Was im Körper passiert, wenn wir trainieren

Fit bis ins hohe Alter
Sport und Immunsystem sind ein kongeniales Duo. Wie sie zusammenwirken.

"Sport ist gesund." "A geh? No na!", ist man an dieser Stelle versucht zu sagen und gelangweilt wegzuklicken. Tun Sie es nicht! Bitte! Barbara Prüller-Strasser von der Medizinischen Universität Innsbruck hat durchaus Interessantes aus der Wissenschaft zu berichten. Etwa: "Die Muskulatur schüttet bei Bewegung eine Vielzahl von Botenstoffen aus, sogenannte Myokine." Die seien gut für den Fettstoffwechsel, hemmen aber auch Entzündungen und stimulieren das Immunsystem. Forscher nennen die Muskulatur mittlerweile ein endokrines Organ.

Über den neuesten Stand der Forschung zu "Sport, Ernährung und Immunsystem" (so der Titel) diskutieren Experten heute am 3. Fachtag Sporternährung in der Technischen Universität Wien.

Langes Leben

Bereits Hippocrates sorgte sich im alten Griechenland um den männlichen Organismus (sic!), wenn selbiger nur faul herumliegt. Heute wissen Forscher und spüren Laien, dass Kraft und Ausdauer mit zunehmendem Alter abnehmen. "Wer trainiert, verlangsamt das Altern", sagt Prüller-Strasser. "Die Muskulatur ist ein ganz wichtiger Faktor für ein langes Leben." Die Forscherin und wissenschaftliche Leiterin des Fachtages rät zu Krafttraining mindestens ab dem frühen Alter. So lasse sich die Lebenserwartung steigern. Wer regelmäßig Ausdauer trainiert, kann sein biologische Alter um bis zu 30 Jahre senken. Ein durchtrainierter 70-Jähriger kann also locker die Körperfunktion eines 50-Jährigen haben.

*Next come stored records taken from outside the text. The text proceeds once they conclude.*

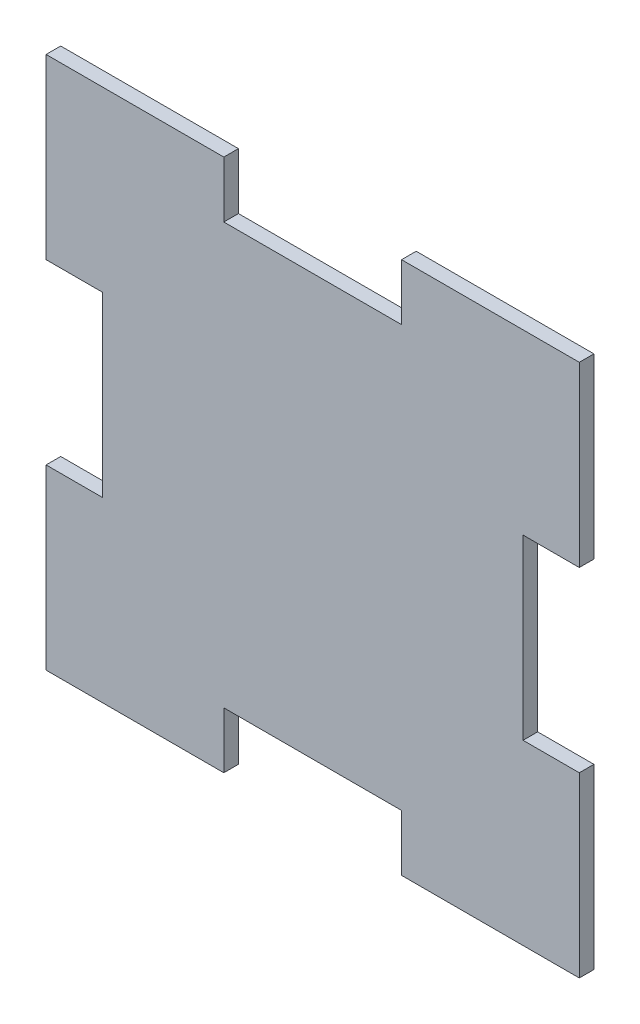
ISO-10303-21;
HEADER;
FILE_DESCRIPTION(('STEP AP214'),'2;1');
FILE_NAME('part.step','',(''),(''),'','','');
FILE_SCHEMA(('AUTOMOTIVE_DESIGN { 1 0 10303 214 1 1 1 1 }'));
ENDSEC;
DATA;
#1=APPLICATION_CONTEXT('core data for automotive mechanical design processes');
#2=APPLICATION_PROTOCOL_DEFINITION('international standard','automotive_design',2000,#1);
#3=PRODUCT_CONTEXT('',#1,'mechanical');
#4=PRODUCT('Part','Part','',(#3));
#5=PRODUCT_RELATED_PRODUCT_CATEGORY('part','',(#4));
#6=PRODUCT_DEFINITION_FORMATION('','',#4);
#7=PRODUCT_DEFINITION_CONTEXT('part definition',#1,'design');
#8=PRODUCT_DEFINITION('design','',#6,#7);
#9=PRODUCT_DEFINITION_SHAPE('','',#8);
#10=(LENGTH_UNIT() NAMED_UNIT(*) SI_UNIT(.MILLI.,.METRE.));
#11=(NAMED_UNIT(*) PLANE_ANGLE_UNIT() SI_UNIT($,.RADIAN.));
#12=(NAMED_UNIT(*) SI_UNIT($,.STERADIAN.) SOLID_ANGLE_UNIT());
#13=UNCERTAINTY_MEASURE_WITH_UNIT(LENGTH_MEASURE(1.E-05),#10,'distance_accuracy_value','');
#14=(GEOMETRIC_REPRESENTATION_CONTEXT(3) GLOBAL_UNCERTAINTY_ASSIGNED_CONTEXT((#13)) GLOBAL_UNIT_ASSIGNED_CONTEXT((#10,
#11,#12)) REPRESENTATION_CONTEXT('',''));
#15=CARTESIAN_POINT('',(0.,0.,0.));
#16=DIRECTION('',(0.,0.,1.));
#17=DIRECTION('',(1.,0.,0.));
#18=AXIS2_PLACEMENT_3D('',#15,#16,#17);
#19=CARTESIAN_POINT('',(95.9203819214755,2.31764716104696,2.6));
#20=DIRECTION('',(0.,1.,0.));
#21=DIRECTION('',(-1.,0.,0.));
#22=AXIS2_PLACEMENT_3D('',#19,#20,#21);
#23=PLANE('',#22);
#24=DIRECTION('',(1.,0.,0.));
#25=VECTOR('',#24,1.);
#26=CARTESIAN_POINT('',(95.9203819214755,2.31764716104696,0.));
#27=LINE('',#26,#25);
#28=CARTESIAN_POINT('',(1.1203819214755,2.31764716104696,0.));
#29=VERTEX_POINT('',#28);
#30=CARTESIAN_POINT('',(32.7203819214755,2.31764716104697,0.));
#31=VERTEX_POINT('',#30);
#32=EDGE_CURVE('E183',#29,#31,#27,.T.);
#33=ORIENTED_EDGE('',*,*,#32,.T.);
#34=DIRECTION('',(0.,0.,1.));
#35=VECTOR('',#34,1.);
#36=CARTESIAN_POINT('',(32.7203819214755,2.31764716104697,0.));
#37=LINE('',#36,#35);
#38=CARTESIAN_POINT('',(32.7203819214755,2.31764716104697,2.6));
#39=VERTEX_POINT('',#38);
#40=EDGE_CURVE('E167',#31,#39,#37,.T.);
#41=ORIENTED_EDGE('',*,*,#40,.T.);
#42=DIRECTION('',(1.,0.,0.));
#43=VECTOR('',#42,1.);
#44=CARTESIAN_POINT('',(1.1203819214755,2.31764716104696,2.6));
#45=LINE('',#44,#43);
#46=CARTESIAN_POINT('',(1.1203819214755,2.31764716104696,2.6));
#47=VERTEX_POINT('',#46);
#48=EDGE_CURVE('E203',#47,#39,#45,.T.);
#49=ORIENTED_EDGE('',*,*,#48,.F.);
#50=DIRECTION('',(0.,0.,-1.));
#51=VECTOR('',#50,1.);
#52=CARTESIAN_POINT('',(1.1203819214755,2.31764716104696,2.6));
#53=LINE('',#52,#51);
#54=EDGE_CURVE('E190',#47,#29,#53,.T.);
#55=ORIENTED_EDGE('',*,*,#54,.T.);
#56=EDGE_LOOP('',(#33,#41,#49,#55));
#57=FACE_BOUND('',#56,.T.);
#58=ADVANCED_FACE('F30',(#57),#23,.F.);
#59=CARTESIAN_POINT('',(1.1203819214755,97.117647161047,2.6));
#60=DIRECTION('',(0.,-1.,0.));
#61=DIRECTION('',(1.,0.,0.));
#62=AXIS2_PLACEMENT_3D('',#59,#60,#61);
#63=PLANE('',#62);
#64=DIRECTION('',(-1.,0.,0.));
#65=VECTOR('',#64,1.);
#66=CARTESIAN_POINT('',(95.9203819214755,97.117647161047,2.6));
#67=LINE('',#66,#65);
#68=CARTESIAN_POINT('',(32.7203819214755,97.117647161047,2.6));
#69=VERTEX_POINT('',#68);
#70=CARTESIAN_POINT('',(1.1203819214755,97.117647161047,2.6));
#71=VERTEX_POINT('',#70);
#72=EDGE_CURVE('E218',#69,#71,#67,.T.);
#73=ORIENTED_EDGE('',*,*,#72,.F.);
#74=DIRECTION('',(0.,0.,1.));
#75=VECTOR('',#74,1.);
#76=CARTESIAN_POINT('',(32.7203819214755,97.117647161047,0.));
#77=LINE('',#76,#75);
#78=CARTESIAN_POINT('',(32.7203819214755,97.117647161047,0.));
#79=VERTEX_POINT('',#78);
#80=EDGE_CURVE('E221',#79,#69,#77,.T.);
#81=ORIENTED_EDGE('',*,*,#80,.F.);
#82=DIRECTION('',(-1.,0.,0.));
#83=VECTOR('',#82,1.);
#84=CARTESIAN_POINT('',(1.1203819214755,97.117647161047,0.));
#85=LINE('',#84,#83);
#86=CARTESIAN_POINT('',(1.1203819214755,97.117647161047,0.));
#87=VERTEX_POINT('',#86);
#88=EDGE_CURVE('E220',#79,#87,#85,.T.);
#89=ORIENTED_EDGE('',*,*,#88,.T.);
#90=DIRECTION('',(0.,0.,-1.));
#91=VECTOR('',#90,1.);
#92=CARTESIAN_POINT('',(1.1203819214755,97.117647161047,2.6));
#93=LINE('',#92,#91);
#94=EDGE_CURVE('E38',#71,#87,#93,.T.);
#95=ORIENTED_EDGE('',*,*,#94,.F.);
#96=EDGE_LOOP('',(#73,#81,#89,#95));
#97=FACE_BOUND('',#96,.T.);
#98=ADVANCED_FACE('F216',(#97),#63,.F.);
#99=CARTESIAN_POINT('',(1.1203819214755,2.31764716104696,2.6));
#100=DIRECTION('',(1.,0.,0.));
#101=DIRECTION('',(0.,1.,0.));
#102=AXIS2_PLACEMENT_3D('',#99,#100,#101);
#103=PLANE('',#102);
#104=DIRECTION('',(0.,-1.,0.));
#105=VECTOR('',#104,1.);
#106=CARTESIAN_POINT('',(1.1203819214755,97.117647161047,2.6));
#107=LINE('',#106,#105);
#108=CARTESIAN_POINT('',(1.1203819214755,33.917647161047,2.6));
#109=VERTEX_POINT('',#108);
#110=EDGE_CURVE('E242',#109,#47,#107,.T.);
#111=ORIENTED_EDGE('',*,*,#110,.F.);
#112=DIRECTION('',(0.,0.,1.));
#113=VECTOR('',#112,1.);
#114=CARTESIAN_POINT('',(1.1203819214755,33.917647161047,0.));
#115=LINE('',#114,#113);
#116=CARTESIAN_POINT('',(1.1203819214755,33.917647161047,0.));
#117=VERTEX_POINT('',#116);
#118=EDGE_CURVE('E266',#117,#109,#115,.T.);
#119=ORIENTED_EDGE('',*,*,#118,.F.);
#120=DIRECTION('',(0.,-1.,0.));
#121=VECTOR('',#120,1.);
#122=CARTESIAN_POINT('',(1.1203819214755,2.31764716104696,0.));
#123=LINE('',#122,#121);
#124=EDGE_CURVE('E228',#117,#29,#123,.T.);
#125=ORIENTED_EDGE('',*,*,#124,.T.);
#126=ORIENTED_EDGE('',*,*,#54,.F.);
#127=EDGE_LOOP('',(#111,#119,#125,#126));
#128=FACE_BOUND('',#127,.T.);
#129=ADVANCED_FACE('F358',(#128),#103,.F.);
#130=CARTESIAN_POINT('',(95.9203819214755,97.117647161047,2.6));
#131=DIRECTION('',(-1.,0.,0.));
#132=DIRECTION('',(0.,-1.,0.));
#133=AXIS2_PLACEMENT_3D('',#130,#131,#132);
#134=PLANE('',#133);
#135=DIRECTION('',(0.,1.,0.));
#136=VECTOR('',#135,1.);
#137=CARTESIAN_POINT('',(95.9203819214755,32.237647161047,2.6));
#138=LINE('',#137,#136);
#139=CARTESIAN_POINT('',(95.9203819214755,65.517647161047,2.6));
#140=VERTEX_POINT('',#139);
#141=CARTESIAN_POINT('',(95.9203819214755,97.117647161047,2.6));
#142=VERTEX_POINT('',#141);
#143=EDGE_CURVE('E191',#140,#142,#138,.T.);
#144=ORIENTED_EDGE('',*,*,#143,.F.);
#145=DIRECTION('',(0.,0.,1.));
#146=VECTOR('',#145,1.);
#147=CARTESIAN_POINT('',(95.9203819214755,65.517647161047,0.));
#148=LINE('',#147,#146);
#149=CARTESIAN_POINT('',(95.9203819214755,65.517647161047,0.));
#150=VERTEX_POINT('',#149);
#151=EDGE_CURVE('E253',#150,#140,#148,.T.);
#152=ORIENTED_EDGE('',*,*,#151,.F.);
#153=DIRECTION('',(0.,1.,0.));
#154=VECTOR('',#153,1.);
#155=CARTESIAN_POINT('',(95.9203819214755,97.117647161047,0.));
#156=LINE('',#155,#154);
#157=CARTESIAN_POINT('',(95.9203819214755,97.117647161047,0.));
#158=VERTEX_POINT('',#157);
#159=EDGE_CURVE('E238',#150,#158,#156,.T.);
#160=ORIENTED_EDGE('',*,*,#159,.T.);
#161=DIRECTION('',(0.,0.,-1.));
#162=VECTOR('',#161,1.);
#163=CARTESIAN_POINT('',(95.9203819214755,97.117647161047,2.6));
#164=LINE('',#163,#162);
#165=EDGE_CURVE('E11',#142,#158,#164,.T.);
#166=ORIENTED_EDGE('',*,*,#165,.F.);
#167=EDGE_LOOP('',(#144,#152,#160,#166));
#168=FACE_BOUND('',#167,.T.);
#169=ADVANCED_FACE('F372',(#168),#134,.F.);
#170=CARTESIAN_POINT('',(95.9203819214755,2.31764716104696,0.));
#171=VERTEX_POINT('',#170);
#172=CARTESIAN_POINT('',(95.9203819214755,33.917647161047,0.));
#173=VERTEX_POINT('',#172);
#174=EDGE_CURVE('E224',#171,#173,#156,.T.);
#175=ORIENTED_EDGE('',*,*,#174,.T.);
#176=DIRECTION('',(0.,0.,1.));
#177=VECTOR('',#176,1.);
#178=CARTESIAN_POINT('',(95.9203819214755,33.917647161047,0.));
#179=LINE('',#178,#177);
#180=CARTESIAN_POINT('',(95.9203819214755,33.917647161047,2.6));
#181=VERTEX_POINT('',#180);
#182=EDGE_CURVE('E249',#173,#181,#179,.T.);
#183=ORIENTED_EDGE('',*,*,#182,.T.);
#184=CARTESIAN_POINT('',(95.9203819214755,2.31764716104696,2.6));
#185=VERTEX_POINT('',#184);
#186=EDGE_CURVE('E194',#185,#181,#138,.T.);
#187=ORIENTED_EDGE('',*,*,#186,.F.);
#188=DIRECTION('',(0.,0.,-1.));
#189=VECTOR('',#188,1.);
#190=CARTESIAN_POINT('',(95.9203819214755,2.31764716104696,2.6));
#191=LINE('',#190,#189);
#192=EDGE_CURVE('E200',#185,#171,#191,.T.);
#193=ORIENTED_EDGE('',*,*,#192,.T.);
#194=EDGE_LOOP('',(#175,#183,#187,#193));
#195=FACE_BOUND('',#194,.T.);
#196=ADVANCED_FACE('F32',(#195),#134,.F.);
#197=CARTESIAN_POINT('',(64.3203819214755,97.117647161047,0.));
#198=VERTEX_POINT('',#197);
#199=EDGE_CURVE('E223',#158,#198,#85,.T.);
#200=ORIENTED_EDGE('',*,*,#199,.T.);
#201=DIRECTION('',(0.,0.,1.));
#202=VECTOR('',#201,1.);
#203=CARTESIAN_POINT('',(64.3203819214755,97.117647161047,0.));
#204=LINE('',#203,#202);
#205=CARTESIAN_POINT('',(64.3203819214755,97.117647161047,2.6));
#206=VERTEX_POINT('',#205);
#207=EDGE_CURVE('E299',#198,#206,#204,.T.);
#208=ORIENTED_EDGE('',*,*,#207,.T.);
#209=EDGE_CURVE('E243',#142,#206,#67,.T.);
#210=ORIENTED_EDGE('',*,*,#209,.F.);
#211=ORIENTED_EDGE('',*,*,#165,.T.);
#212=EDGE_LOOP('',(#200,#208,#210,#211));
#213=FACE_BOUND('',#212,.T.);
#214=ADVANCED_FACE('F359',(#213),#63,.F.);
#215=CARTESIAN_POINT('',(1.1203819214755,65.517647161047,0.));
#216=VERTEX_POINT('',#215);
#217=EDGE_CURVE('E196',#87,#216,#123,.T.);
#218=ORIENTED_EDGE('',*,*,#217,.T.);
#219=DIRECTION('',(0.,0.,1.));
#220=VECTOR('',#219,1.);
#221=CARTESIAN_POINT('',(1.1203819214755,65.517647161047,0.));
#222=LINE('',#221,#220);
#223=CARTESIAN_POINT('',(1.1203819214755,65.517647161047,2.6));
#224=VERTEX_POINT('',#223);
#225=EDGE_CURVE('E278',#216,#224,#222,.T.);
#226=ORIENTED_EDGE('',*,*,#225,.T.);
#227=EDGE_CURVE('E213',#71,#224,#107,.T.);
#228=ORIENTED_EDGE('',*,*,#227,.F.);
#229=ORIENTED_EDGE('',*,*,#94,.T.);
#230=EDGE_LOOP('',(#218,#226,#228,#229));
#231=FACE_BOUND('',#230,.T.);
#232=ADVANCED_FACE('F209',(#231),#103,.F.);
#233=CARTESIAN_POINT('',(64.3203819214755,2.31764716104697,2.6));
#234=VERTEX_POINT('',#233);
#235=EDGE_CURVE('E240',#234,#185,#45,.T.);
#236=ORIENTED_EDGE('',*,*,#235,.F.);
#237=DIRECTION('',(0.,0.,1.));
#238=VECTOR('',#237,1.);
#239=CARTESIAN_POINT('',(64.3203819214755,2.31764716104697,0.));
#240=LINE('',#239,#238);
#241=CARTESIAN_POINT('',(64.3203819214755,2.31764716104697,0.));
#242=VERTEX_POINT('',#241);
#243=EDGE_CURVE('E177',#242,#234,#240,.T.);
#244=ORIENTED_EDGE('',*,*,#243,.F.);
#245=EDGE_CURVE('E192',#242,#171,#27,.T.);
#246=ORIENTED_EDGE('',*,*,#245,.T.);
#247=ORIENTED_EDGE('',*,*,#192,.F.);
#248=EDGE_LOOP('',(#236,#244,#246,#247));
#249=FACE_BOUND('',#248,.T.);
#250=ADVANCED_FACE('F336',(#249),#23,.F.);
#251=CARTESIAN_POINT('',(95.9203819214755,2.31764716104696,2.6));
#252=DIRECTION('',(0.,0.,-1.));
#253=DIRECTION('',(-1.,0.,0.));
#254=AXIS2_PLACEMENT_3D('',#251,#252,#253);
#255=PLANE('',#254);
#256=ORIENTED_EDGE('',*,*,#48,.T.);
#257=DIRECTION('',(0.,-1.,0.));
#258=VECTOR('',#257,1.);
#259=CARTESIAN_POINT('',(32.7203819214755,2.31764716104697,2.6));
#260=LINE('',#259,#258);
#261=CARTESIAN_POINT('',(32.7203819214755,12.317647161047,2.6));
#262=VERTEX_POINT('',#261);
#263=EDGE_CURVE('E172',#262,#39,#260,.T.);
#264=ORIENTED_EDGE('',*,*,#263,.F.);
#265=DIRECTION('',(-1.,0.,0.));
#266=VECTOR('',#265,1.);
#267=CARTESIAN_POINT('',(32.7203819214755,12.317647161047,2.6));
#268=LINE('',#267,#266);
#269=CARTESIAN_POINT('',(64.3203819214755,12.317647161047,2.6));
#270=VERTEX_POINT('',#269);
#271=EDGE_CURVE('E187',#270,#262,#268,.T.);
#272=ORIENTED_EDGE('',*,*,#271,.F.);
#273=DIRECTION('',(0.,1.,0.));
#274=VECTOR('',#273,1.);
#275=CARTESIAN_POINT('',(64.3203819214755,2.31764716104697,2.6));
#276=LINE('',#275,#274);
#277=EDGE_CURVE('E323',#234,#270,#276,.T.);
#278=ORIENTED_EDGE('',*,*,#277,.F.);
#279=ORIENTED_EDGE('',*,*,#235,.T.);
#280=ORIENTED_EDGE('',*,*,#186,.T.);
#281=DIRECTION('',(1.,0.,0.));
#282=VECTOR('',#281,1.);
#283=CARTESIAN_POINT('',(95.9203819214755,33.917647161047,2.6));
#284=LINE('',#283,#282);
#285=CARTESIAN_POINT('',(85.9203819214755,33.917647161047,2.6));
#286=VERTEX_POINT('',#285);
#287=EDGE_CURVE('E261',#286,#181,#284,.T.);
#288=ORIENTED_EDGE('',*,*,#287,.F.);
#289=DIRECTION('',(0.,-1.,0.));
#290=VECTOR('',#289,1.);
#291=CARTESIAN_POINT('',(85.9203819214755,33.917647161047,2.6));
#292=LINE('',#291,#290);
#293=CARTESIAN_POINT('',(85.9203819214755,65.517647161047,2.6));
#294=VERTEX_POINT('',#293);
#295=EDGE_CURVE('E263',#294,#286,#292,.T.);
#296=ORIENTED_EDGE('',*,*,#295,.F.);
#297=DIRECTION('',(-1.,0.,0.));
#298=VECTOR('',#297,1.);
#299=CARTESIAN_POINT('',(95.9203819214755,65.517647161047,2.6));
#300=LINE('',#299,#298);
#301=EDGE_CURVE('E257',#140,#294,#300,.T.);
#302=ORIENTED_EDGE('',*,*,#301,.F.);
#303=ORIENTED_EDGE('',*,*,#143,.T.);
#304=ORIENTED_EDGE('',*,*,#209,.T.);
#305=DIRECTION('',(0.,1.,0.));
#306=VECTOR('',#305,1.);
#307=CARTESIAN_POINT('',(64.3203819214755,97.117647161047,2.6));
#308=LINE('',#307,#306);
#309=CARTESIAN_POINT('',(64.3203819214755,87.117647161047,2.6));
#310=VERTEX_POINT('',#309);
#311=EDGE_CURVE('E302',#310,#206,#308,.T.);
#312=ORIENTED_EDGE('',*,*,#311,.F.);
#313=DIRECTION('',(1.,0.,0.));
#314=VECTOR('',#313,1.);
#315=CARTESIAN_POINT('',(32.7203819214755,87.117647161047,2.6));
#316=LINE('',#315,#314);
#317=CARTESIAN_POINT('',(32.7203819214755,87.117647161047,2.6));
#318=VERTEX_POINT('',#317);
#319=EDGE_CURVE('E305',#318,#310,#316,.T.);
#320=ORIENTED_EDGE('',*,*,#319,.F.);
#321=DIRECTION('',(0.,-1.,0.));
#322=VECTOR('',#321,1.);
#323=CARTESIAN_POINT('',(32.7203819214755,97.117647161047,2.6));
#324=LINE('',#323,#322);
#325=EDGE_CURVE('E308',#69,#318,#324,.T.);
#326=ORIENTED_EDGE('',*,*,#325,.F.);
#327=ORIENTED_EDGE('',*,*,#72,.T.);
#328=ORIENTED_EDGE('',*,*,#227,.T.);
#329=DIRECTION('',(-1.,0.,0.));
#330=VECTOR('',#329,1.);
#331=CARTESIAN_POINT('',(1.1203819214755,65.517647161047,2.6));
#332=LINE('',#331,#330);
#333=CARTESIAN_POINT('',(11.1203819214755,65.517647161047,2.6));
#334=VERTEX_POINT('',#333);
#335=EDGE_CURVE('E281',#334,#224,#332,.T.);
#336=ORIENTED_EDGE('',*,*,#335,.F.);
#337=DIRECTION('',(0.,1.,0.));
#338=VECTOR('',#337,1.);
#339=CARTESIAN_POINT('',(11.1203819214755,33.917647161047,2.6));
#340=LINE('',#339,#338);
#341=CARTESIAN_POINT('',(11.1203819214755,33.917647161047,2.6));
#342=VERTEX_POINT('',#341);
#343=EDGE_CURVE('E284',#342,#334,#340,.T.);
#344=ORIENTED_EDGE('',*,*,#343,.F.);
#345=DIRECTION('',(1.,0.,0.));
#346=VECTOR('',#345,1.);
#347=CARTESIAN_POINT('',(1.1203819214755,33.917647161047,2.6));
#348=LINE('',#347,#346);
#349=EDGE_CURVE('E287',#109,#342,#348,.T.);
#350=ORIENTED_EDGE('',*,*,#349,.F.);
#351=ORIENTED_EDGE('',*,*,#110,.T.);
#352=EDGE_LOOP('',(#256,#264,#272,#278,#279,#280,#288,#296,#302,#303,#304,#312,#320,#326,#327,
#328,#336,#344,#350,#351));
#353=FACE_BOUND('',#352,.T.);
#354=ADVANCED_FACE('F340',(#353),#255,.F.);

Wie das geht? Der Knochenstoffwechsel verbessert sich, Typ-2-Diabetes und Insulinresistenzen haben weniger Chancen. Intensives, konsequentes Langzeittraining über viele Jahre senkt gar das Brust- und Darmkrebsrisiko um bis zu 30 Prozent.

Das Geheimnis liegt unter anderem im Immunsystem, das durch Bewegung unterstützt wird (man erinnere sich an den Text-Beginn). 70 Prozent der Immunzellen sitzen in der Darmschleimhaut, die mit zunehmenden Alter durchlässig werden kann. "Dann können Toxine und Keime aus dem Darm in den Körper eindringen. Die Leistungsfähigkeit nimmt ab", erklärt die Medizinerin.

Intensiv ist besser

"Allerdings ist es zu wenig, nur Treppen zu steigen", sagt Prüller-Strasser. Es braucht gezielt und lebenslang Kraft- und Ausdauertraining. Je intensiver, desto besser, haben neuesten Forschungen ergeben. So ersetzt etwa 15 Minuten Laufen 90 Minuten Nordic Walking. Und: "Sobald man mit dem Training aufhört, ist die Wirkung rasch wieder weg", warnt Prüller-Strasser.

Wer jetzt noch nicht überzeugt ist und die Zeitung beiseite legt, um Liegestütze zu machen, ist es vielleicht nach Prüller-Strassers nächster Aussage: "Sogar Gene können positiv beeinflusst werden." Die Länge der Chromosomen, eigentlich ihrer Kappen – der Telomere, die ein Spiegel der Zellalterung sind – , kann durch Ausdauertraining deutlich länger stabil gehalten werden. Der genetische Altersunterschied zwischen Inaktiven und körperlich Aktiven kann zehn Jahre ausmachen.

"Die Pharmaindustrie arbeitet bereits an einer Aktivitätspille, in die all diese positiven Trainingseffekte reingepackt werden sollen", berichtet Prüller- Strasser, zerschlägt aber sofort jede Hoffnung auf Sport ohne Anstrengung: "Ich bin nicht sicher, ob das je funktionieren wird."